I am stuck in a seemingly easy task. Imagine the following data.table
:
dt1 <- data.table(ID = as.factor(c("202E", "202E", "202E")),
timestamp = as.POSIXct(c("2017-05-02 00:00:00",
"2017-05-02 00:15:00",
"2017-05-02 00:30:00")),
acceleration_raw = c("-0.703 0.656 0.164 -0.703 0.656 0.164 -0.703 0.656 0.164 -0.703 0.656 0.164 -0.703 0.656 0.164 -0.703 0.656 0.164 -0.703 0.656 0.164 -0.703 0.656 0.164 -0.703 0.656 0.164 -0.703 0.656 0.164 -0.703 0.656 0.164 -0.703 0.656 0.164 -0.703 0.656 0.164 -0.703 0.656 0.164 -0.703 0.656 0.164 -0.703 0.656 0.164 -0.703 0.656 0.164 -0.703 0.656 0.164 -0.703 0.656 0.164 -0.703 0.656 0.164 -0.703 0.656 0.164 -0.727 0.656 0.164 -0.703 0.656 0.164 -0.703 0.656 0.164 -0.727 0.656 0.164 -0.703 0.656 0.164 -0.703 0.656 0.164 -0.703 0.656 0.164 -0.703 0.656 0.164 -0.703 0.656 0.164 -0.703 0.656 0.164 -0.703 0.656 0.164 -0.703 0.656 0.164 -0.703 0.656 0.164 -0.703 0.656 0.141 -0.703 0.656 0.164 -0.703 0.656 0.141 -0.703 0.656 0.141 -0.703 0.656 0.141 -0.703 0.656 0.141",
"-0.703 0.680 0.117 -0.680 0.680 0.117 -0.680 0.680 0.117 -0.680 0.680 0.117 -0.680 0.680 0.117 -0.680 0.680 0.117 -0.680 0.680 0.117 -0.703 0.680 0.117 -0.703 0.680 0.117 -0.703 0.680 0.117 -0.680 0.680 0.117 -0.703 0.680 0.117 -0.680 0.680 0.117 -0.703 0.680 0.117 -0.680 0.680 0.117 -0.703 0.680 0.117 -0.680 0.680 0.117 -0.680 0.680 0.117 -0.680 0.680 0.117 -0.680 0.680 0.117 -0.703 0.680 0.117 -0.703 0.680 0.117 -0.703 0.680 0.117 -0.703 0.680 0.117 -0.703 0.680 0.117 -0.703 0.680 0.117 -0.703 0.680 0.117 -0.680 0.680 0.117 -0.680 0.680 0.117 -0.703 0.680 0.117 -0.703 0.680 0.117 -0.703 0.680 0.117 -0.703 0.680 0.117 -0.703 0.680 0.117 -0.703 0.680 0.117 -0.703 0.680 0.117 -0.703 0.680 0.117 -0.703 0.680 0.117 -0.703 0.680 0.117 -0.703 0.680 0.117",
"-0.750 0.586 0.117 -0.773 0.586 0.117 -0.773 0.609 0.117 -0.773 0.586 0.117 -0.773 0.586 0.117 -0.773 0.586 0.117 -0.773 0.586 0.117 -0.773 0.586 0.117 -0.773 0.586 0.141 -0.773 0.586 0.141 -0.773 0.586 0.141 -0.773 0.586 0.141 -0.773 0.586 0.141 -0.773 0.586 0.141 -0.773 0.586 0.141 -0.773 0.586 0.141 -0.773 0.586 0.141 -0.773 0.586 0.141 -0.773 0.586 0.141 -0.773 0.586 0.141 -0.773 0.586 0.141 -0.750 0.586 0.141 -0.773 0.586 0.141 -0.773 0.586 0.141 -0.773 0.586 0.141 -0.773 0.586 0.117 -0.773 0.586 0.141 -0.773 0.586 0.117 -0.773 0.586 0.117 -0.773 0.586 0.117 -0.773 0.586 0.117 -0.773 0.586 0.117 -0.773 0.586 0.117 -0.773 0.586 0.141 -0.773 0.586 0.117 -0.773 0.586 0.117 -0.773 0.586 0.117 -0.773 0.586 0.117 -0.773 0.586 0.117 -0.773 0.586 0.117"))

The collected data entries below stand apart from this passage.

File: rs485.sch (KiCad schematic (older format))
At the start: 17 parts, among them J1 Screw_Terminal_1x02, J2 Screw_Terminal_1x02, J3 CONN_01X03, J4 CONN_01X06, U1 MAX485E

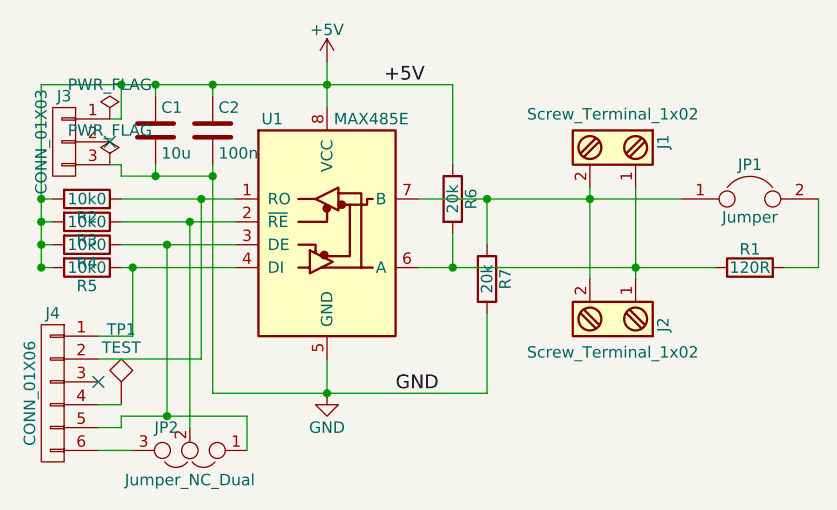
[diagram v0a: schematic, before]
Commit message: Changed BOM
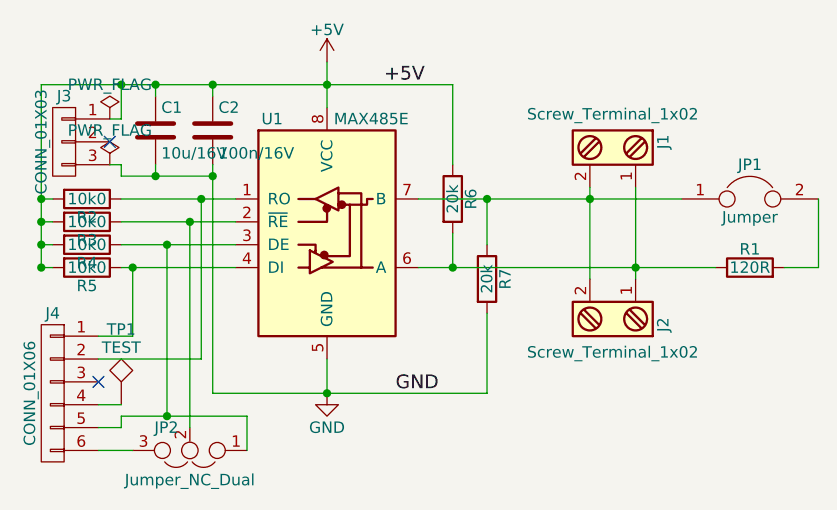
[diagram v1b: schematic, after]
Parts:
- C1: value 10u -> 10u/16V; Aliexpress link (none) -> https://www.aliexpress.com/item/Free-shipping-1206-SMD-capa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; Unit price $ (none) -> 0.02
- C2: value 100n -> 100n/16V; Aliexpress link (none) -> https://www.aliexpress.com/item/0603-SMD-Capacitor-assorted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; Unit price $ (none) -> 0.01
- J1: Aliexpress link (none) -> https://www.aliexpress.com/item/50-pcs-Universal-2-54-mm-Pi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; Unit price $ (none) -> 0.20
- J3: Aliexpress link (none) -> https://www.aliexpress.com/item/Hot-Sale10pcs-40-Pin-1x40-S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; Unit price $ (none) -> 0.004
- J4: Unit price $ (none) -> 0.008
- JP1, R1, R6: Unit price $ (none) -> 0.003
- JP2, TP1: Unit price $ (none) -> 0.00
- R2: Aliexpress link (none) -> https://www.aliexpress.com/item/Free-shipping-Hot-sale-0603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; Unit price $ (none) -> 0.003
- U1: Aliexpress link (none) -> https://www.aliexpress.com/item/XIN-YANG-Electronic-NEW-ORI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; Unit price $ (none) -> 0.60
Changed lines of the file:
@@
 F 1 "MAX485E" H 3330 2550 50  0000 L CNN
 F 2 "Housings_SOIC:SOIC-8_3.9x4.9mm_Pitch1.27mm" H 3300 1400 50  0001 C CNN
-F 3 "" H 3300 2150 50  0001 C CNN
+F 3 "https://datasheets.maximintegrated.com/en/ds/MAX1487-MAX491.pdf" H 3300 2150 50  0001 C CNN
+F 4 "https://www.aliexpress.com/item/XIN-YANG-Electronic-NEW-ORIGINAL-MAX485CSA-T-MAX485CSA-MAX485-SOP-MAXIM-Free-shipping/32355724259.html" H 3300 2100 60  0001 C CNN "Aliexpress link"
+F 5 "0.60" H 3300 2100 60  0001 C CNN "Unit price $"
 	1    3300 2100
 	1    0    0    -1
@@
 F 2 "Connectors_Terminal_Blocks:TerminalBlock_Pheonix_MPT-2.54mm_2pol" H 4550 1525 50  0001 C CNN
 F 3 "" H 4525 1750 50  0001 C CNN
+F 4 "https://www.aliexpress.com/item/50-pcs-Universal-2-54-mm-Pitch-2-Pin-3-4-5-6-7-8-9/32809307718.html" H 4550 1750 60  0001 C CNN "Aliexpress link"
+F 5 "0.20" H 4550 1750 60  0001 C CNN "Unit price $"
 	1    4550 1750
 	0    1    1    0
@@
 F 2 "Pin_Headers:Pin_Header_Straight_1x02_Pitch2.54mm" H 5150 2000 50  0001 C CNN
 F 3 "" H 5150 2000 50  0001 C CNN
+F 4 "0.003" H 5150 2000 60  0001 C CNN "Unit price $"
 	1    5150 2000
 	1    0    0    -1
@@
 F 2 "Resistors_SMD:R_0603" V 5080 2300 50  0001 C CNN
 F 3 "" H 5150 2300 50  0001 C CNN
+F 4 "0.003" V 5150 2300 60  0001 C CNN "Unit price $"
 	1    5150 2300
 	0    -1   -1   0
@@
 F 2 "Resistors_SMD:R_0603" V 2180 2000 50  0001 C CNN
 F 3 "" H 2250 2000 50  0001 C CNN
+F 4 "https://www.aliexpress.com/item/Free-shipping-Hot-sale-0603-SMD-Resistor-Kit-Assorted-Kit-1ohm-10M-ohm-1-36valuesX20pcs-720pcs/32359683117.html" V 2250 2000 60  0001 C CNN "Aliexpress link"
+F 5 "0.003" V 2250 2000 60  0001 C CNN "Unit price $"
 	1    2250 2000
 	0    1    1    0
@@
 F 2 "Resistors_SMD:R_0603" V 3780 2000 50  0001 C CNN
 F 3 "" H 3850 2000 50  0001 C CNN
+F 4 "0.003" V 3850 2000 60  0001 C CNN "Unit price $"
 	1    3850 2000
 	1    0    0    -1
@@
 P 2550 1700
 F 0 "C1" H 2575 1800 50  0000 L CNN
-F 1 "10u" H 2575 1600 50  0000 L CNN
+F 1 "10u/16V" H 2575 1600 50  0000 L CNN
 F 2 "Capacitors_SMD:C_1206" H 2588 1550 50  0001 C CNN
 F 3 "" H 2550 1700 50  0001 C CNN
+F 4 "https://www.aliexpress.com/item/Free-shipping-1206-SMD-capacitor-10UF-25V-106M-100PCS/32371669400.html" H 2550 1700 60  0001 C CNN "Aliexpress link"
+F 5 "0.02" H 2550 1700 60  0001 C CNN "Unit price $"
 	1    2550 1700
 	1    0    0    -1
@@
 P 2800 1700
 F 0 "C2" H 2825 1800 50  0000 L CNN
-F 1 "100n" H 2825 1600 50  0000 L CNN
+F 1 "100n/16V" H 2825 1600 50  0000 L CNN
 F 2 "Capacitors_SMD:C_0603" H 2838 1550 50  0001 C CNN
 F 3 "" H 2800 1700 50  0001 C CNN
+F 4 "https://www.aliexpress.com/item/0603-SMD-Capacitor-assorted-kit-52values-25pcs-1300pcs-1pF-1uF-Samples-kit/1727377024.html" H 2800 1700 60  0001 C CNN "Aliexpress link"
+F 5 "0.01" H 2800 1700 60  0001 C CNN "Unit price $"
 	1    2800 1700
 	1    0    0    -1
@@
 F 2 "Pin_Headers:Pin_Header_Straight_1x03_Pitch2.54mm" H 2150 1750 50  0001 C CNN
 F 3 "" H 2150 1750 50  0001 C CNN
+F 4 "https://www.aliexpress.com/item/Hot-Sale10pcs-40-Pin-1x40-Single-Row-Male-2-54-Breakable-Pin-Header-Connector-Strip-for/32374809500.html" H 2150 1750 60  0001 C CNN "Aliexpress link"
+F 5 "0.004" H 2150 1750 60  0001 C CNN "Unit price $"
 	1    2150 1750
 	-1   0    0    -1
@@
 F 2 "Connectors:GS3" H 2700 3100 50  0001 C CNN
 F 3 "" H 2700 3100 50  0001 C CNN
+F 4 "0.00" H 2700 3100 60  0001 C CNN "Unit price $"
 	1    2700 3100
 	-1   0    0    1
@@
 F 2 "Pin_Headers:Pin_Header_Straight_1x06_Pitch2.54mm" H 2100 2850 50  0001 C CNN
 F 3 "" H 2100 2850 50  0001 C CNN
+F 4 "0.008" H 2100 2850 60  0001 C CNN "Unit price $"
 	1    2100 2850
 	-1   0    0    -1
@@
 F 2 "Measurement_Points:Measurement_Point_Round-SMD-Pad_Small" H 2400 2900 50  0001 C CNN
 F 3 "" H 2400 2900 50  0001 C CNN
+F 4 "0.00" H 2400 2900 60  0001 C CNN "Unit price $"
 	1    2400 2900
 	1    0    0    -1

Created on 2022-11-17 with reprex v2.0.2
The idea is that I want to separate the acceleration_raw
column into 3 different ones: acc_x
, acc_y
and acc_z
. Each row of acceleration_raw
is a string of characters, eventually leading to 120 numeric observations. I want to separate acceleration_raw
and then take every the value from the first row and forth with a step of 3 and put it to acc_x
, every value from the second row and forth and put it to acc_y
, and finally every value from the third row and on and put it to acc_z
.
I tried to first separate acceleration_raw
with separate_rows
from dplyr
:
library('tidyverse')
library('data.table')
dt1 <- dt1 %>%
separate_rows(acceleration_raw, sep = " ", convert = F)
Created on 2022-11-17 with reprex v2.0.2
And after that:
library('tidyverse')
library('data.table')
dt1 <- dt1 %>%
separate_rows(acceleration_raw, sep = " ", convert = F) %>%
mutate(acc_x = seq(acceleration_raw, from = 1, to = length(dt1), by = 3),
acc_y = seq(acceleration_raw, from = 2, to = length(dt1), by = 3),
acc_z = seq(acceleration_raw, from = 3, to = length(dt1), by = 3))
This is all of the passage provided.